WHAT TO WORK ON:
Leave out the images and output the records word for word.

[Data extracted from a collection]
*****

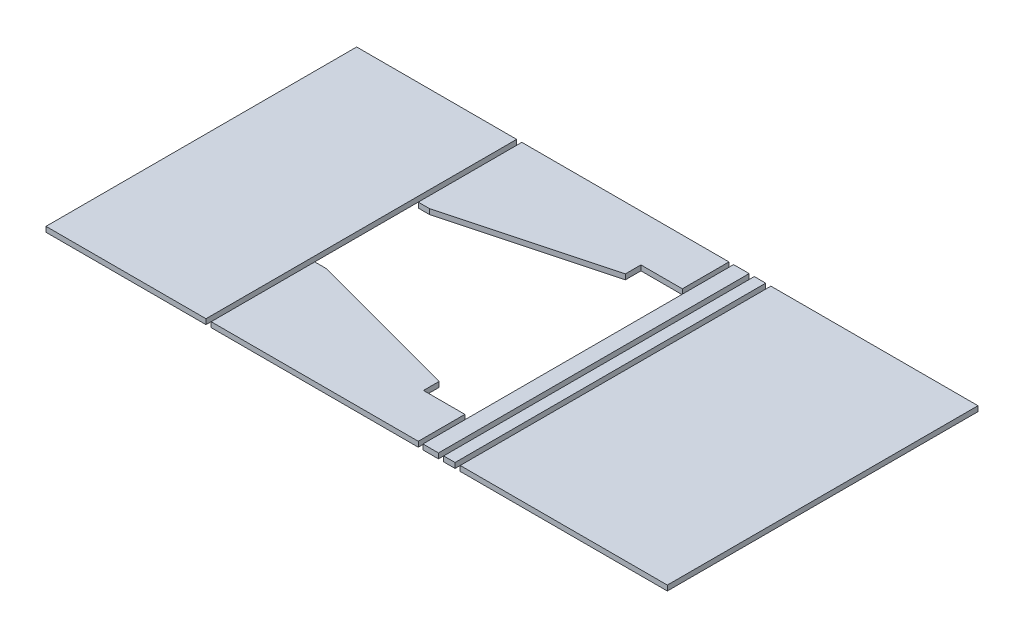
from build123d import *

# Parameters (mm, degrees)
SKETCH1_W             = 309
SKETCH1_H             = 600
BOSS_EXTRUDE1_DEPTH   = 10
BOSS_EXTRUDE1_2_DEPTH = 10
SKETCH1_W_2           = 400
BOSS_EXTRUDE1_3_DEPTH = 10
BOSS_EXTRUDE1_4_DEPTH = 10
SKETCH1_W_3           = 22
BOSS_EXTRUDE1_5_DEPTH = 10
SKETCH1_W_4           = 30
BOSS_EXTRUDE1_6_DEPTH = 10


with BuildPart() as part:
    # Sketch1 → Boss-Extrude1 (new body)
    with BuildSketch(Plane(origin=(0, 0, 0), x_dir=(1, 0, 0), z_dir=(0, 1, 0))):
        with Locations((154.5, 300)):
            Rectangle(SKETCH1_W, SKETCH1_H)
    extrude(amount=BOSS_EXTRUDE1_DEPTH)


with BuildPart() as body_2:
    # Sketch1 → Boss-Extrude1 2 (new body)
    with BuildSketch(Plane(origin=(0, 0, 0), x_dir=(1, 0, 0), z_dir=(0, 1, 0))):
        Polygon((719, 510), (719, 600), (319, 600), (319, 400), (340.435935394, 400), (639, 480), (639, 510), align=None)
    extrude(amount=BOSS_EXTRUDE1_2_DEPTH)


with BuildPart() as body_3:
    # Sketch1 → Boss-Extrude1 3 (new body)
    with BuildSketch(Plane(origin=(0, 0, 0), x_dir=(1, 0, 0), z_dir=(0, 1, 0))):
        with Locations((1000, 300)):
            Rectangle(SKETCH1_W_2, SKETCH1_H)
    extrude(amount=BOSS_EXTRUDE1_3_DEPTH)


with BuildPart() as body_4:
    # Sketch1 → Boss-Extrude1 4 (new body)
    with BuildSketch(Plane(origin=(0, 0, 0), x_dir=(1, 0, 0), z_dir=(0, 1, 0))):
        Polygon((719, 0), (719, 90), (639, 90), (639, 120), (340.435935394, 200), (319, 200), (319, 0), align=None)
    extrude(amount=BOSS_EXTRUDE1_4_DEPTH)


with BuildPart() as body_5:
    # Sketch1 → Boss-Extrude1 5 (new body)
    with BuildSketch(Plane(origin=(0, 0, 0), x_dir=(1, 0, 0), z_dir=(0, 1, 0))):
        with Locations((779, 300)):
            Rectangle(SKETCH1_W_3, SKETCH1_H)
    extrude(amount=BOSS_EXTRUDE1_5_DEPTH)


with BuildPart() as body_6:
    # Sketch1 → Boss-Extrude1 6 (new body)
    with BuildSketch(Plane(origin=(0, 0, 0), x_dir=(1, 0, 0), z_dir=(0, 1, 0))):
        with Locations((743, 300)):
            Rectangle(SKETCH1_W_4, SKETCH1_H)
    extrude(amount=BOSS_EXTRUDE1_6_DEPTH)


solid = Compound([part.part, body_2.part, body_3.part, body_4.part, body_5.part, body_6.part])
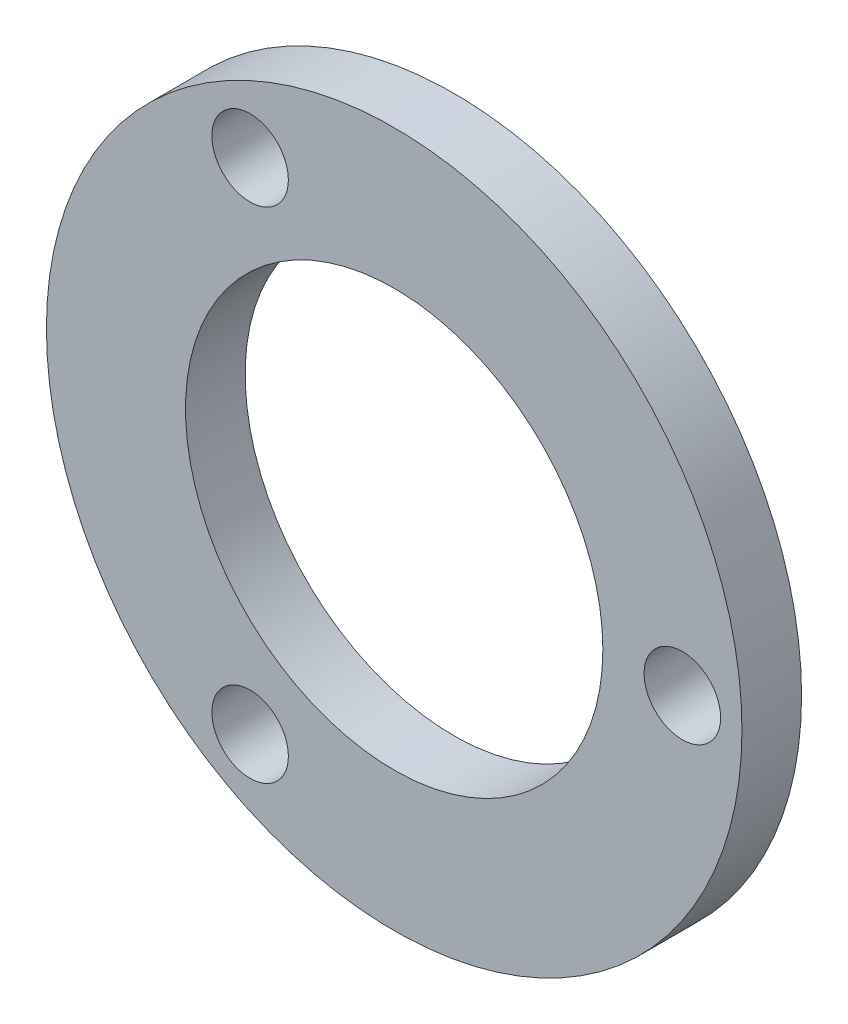
from build123d import *

# Parameters (mm, degrees)
ESQUISSE1_R        = 17.5
ESQUISSE1_R_2      = 1.925
ESQUISSE1_R_3      = 10.5
BOSS_EXTRU_1_DEPTH = 3


with BuildPart() as part:
    # Esquisse1 → Boss.-Extru.1 (new body)
    with BuildSketch(Plane.XY):
        with Locations((0.000221946, 0)):
            Circle(ESQUISSE1_R)
        with Locations((-7.250110973, -12.557560565)):
            Circle(ESQUISSE1_R_2, mode=Mode.SUBTRACT)
        with Locations((-7.250110973, 12.557560565)):
            Circle(ESQUISSE1_R_2, mode=Mode.SUBTRACT)
        with Locations((0.000221946, 0)):
            Circle(ESQUISSE1_R_3, mode=Mode.SUBTRACT)
        with Locations((14.500221946, 0)):
            Circle(ESQUISSE1_R_2, mode=Mode.SUBTRACT)
    extrude(amount=BOSS_EXTRU_1_DEPTH)


solid = part.part

*****

COMPLETED TASK:
from build123d import *

# Parameters (mm, degrees)
SKETCH1_W             = 309
SKETCH1_H             = 600
BOSS_EXTRUDE1_DEPTH   = 10
BOSS_EXTRUDE1_2_DEPTH = 10
SKETCH1_W_2           = 400
BOSS_EXTRUDE1_3_DEPTH = 10
BOSS_EXTRUDE1_4_DEPTH = 10
SKETCH1_W_3           = 22
BOSS_EXTRUDE1_5_DEPTH = 10
SKETCH1_W_4           = 30
BOSS_EXTRUDE1_6_DEPTH = 10


with BuildPart() as part:
    # Sketch1 → Boss-Extrude1 (new body)
    with BuildSketch(Plane(origin=(0, 0, 0), x_dir=(1, 0, 0), z_dir=(0, 1, 0))):
        with Locations((154.5, 300)):
            Rectangle(SKETCH1_W, SKETCH1_H)
    extrude(amount=BOSS_EXTRUDE1_DEPTH)


with BuildPart() as body_2:
    # Sketch1 → Boss-Extrude1 2 (new body)
    with BuildSketch(Plane(origin=(0, 0, 0), x_dir=(1, 0, 0), z_dir=(0, 1, 0))):
        Polygon((719, 510), (719, 600), (319, 600), (319, 400), (340.435935394, 400), (639, 480), (639, 510), align=None)
    extrude(amount=BOSS_EXTRUDE1_2_DEPTH)


with BuildPart() as body_3:
    # Sketch1 → Boss-Extrude1 3 (new body)
    with BuildSketch(Plane(origin=(0, 0, 0), x_dir=(1, 0, 0), z_dir=(0, 1, 0))):
        with Locations((1000, 300)):
            Rectangle(SKETCH1_W_2, SKETCH1_H)
    extrude(amount=BOSS_EXTRUDE1_3_DEPTH)


with BuildPart() as body_4:
    # Sketch1 → Boss-Extrude1 4 (new body)
    with BuildSketch(Plane(origin=(0, 0, 0), x_dir=(1, 0, 0), z_dir=(0, 1, 0))):
        Polygon((719, 0), (719, 90), (639, 90), (639, 120), (340.435935394, 200), (319, 200), (319, 0), align=None)
    extrude(amount=BOSS_EXTRUDE1_4_DEPTH)


with BuildPart() as body_5:
    # Sketch1 → Boss-Extrude1 5 (new body)
    with BuildSketch(Plane(origin=(0, 0, 0), x_dir=(1, 0, 0), z_dir=(0, 1, 0))):
        with Locations((779, 300)):
            Rectangle(SKETCH1_W_3, SKETCH1_H)
    extrude(amount=BOSS_EXTRUDE1_5_DEPTH)


with BuildPart() as body_6:
    # Sketch1 → Boss-Extrude1 6 (new body)
    with BuildSketch(Plane(origin=(0, 0, 0), x_dir=(1, 0, 0), z_dir=(0, 1, 0))):
        with Locations((743, 300)):
            Rectangle(SKETCH1_W_4, SKETCH1_H)
    extrude(amount=BOSS_EXTRUDE1_6_DEPTH)


solid = Compound([part.part, body_2.part, body_3.part, body_4.part, body_5.part, body_6.part])
from build123d import *

# Parameters (mm, degrees)
ESQUISSE1_R        = 17.5
ESQUISSE1_R_2      = 1.925
ESQUISSE1_R_3      = 10.5
BOSS_EXTRU_1_DEPTH = 3


with BuildPart() as part:
    # Esquisse1 → Boss.-Extru.1 (new body)
    with BuildSketch(Plane.XY):
        with Locations((0.000221946, 0)):
            Circle(ESQUISSE1_R)
        with Locations((-7.250110973, -12.557560565)):
            Circle(ESQUISSE1_R_2, mode=Mode.SUBTRACT)
        with Locations((-7.250110973, 12.557560565)):
            Circle(ESQUISSE1_R_2, mode=Mode.SUBTRACT)
        with Locations((0.000221946, 0)):
            Circle(ESQUISSE1_R_3, mode=Mode.SUBTRACT)
        with Locations((14.500221946, 0)):
            Circle(ESQUISSE1_R_2, mode=Mode.SUBTRACT)
    extrude(amount=BOSS_EXTRU_1_DEPTH)


solid = part.part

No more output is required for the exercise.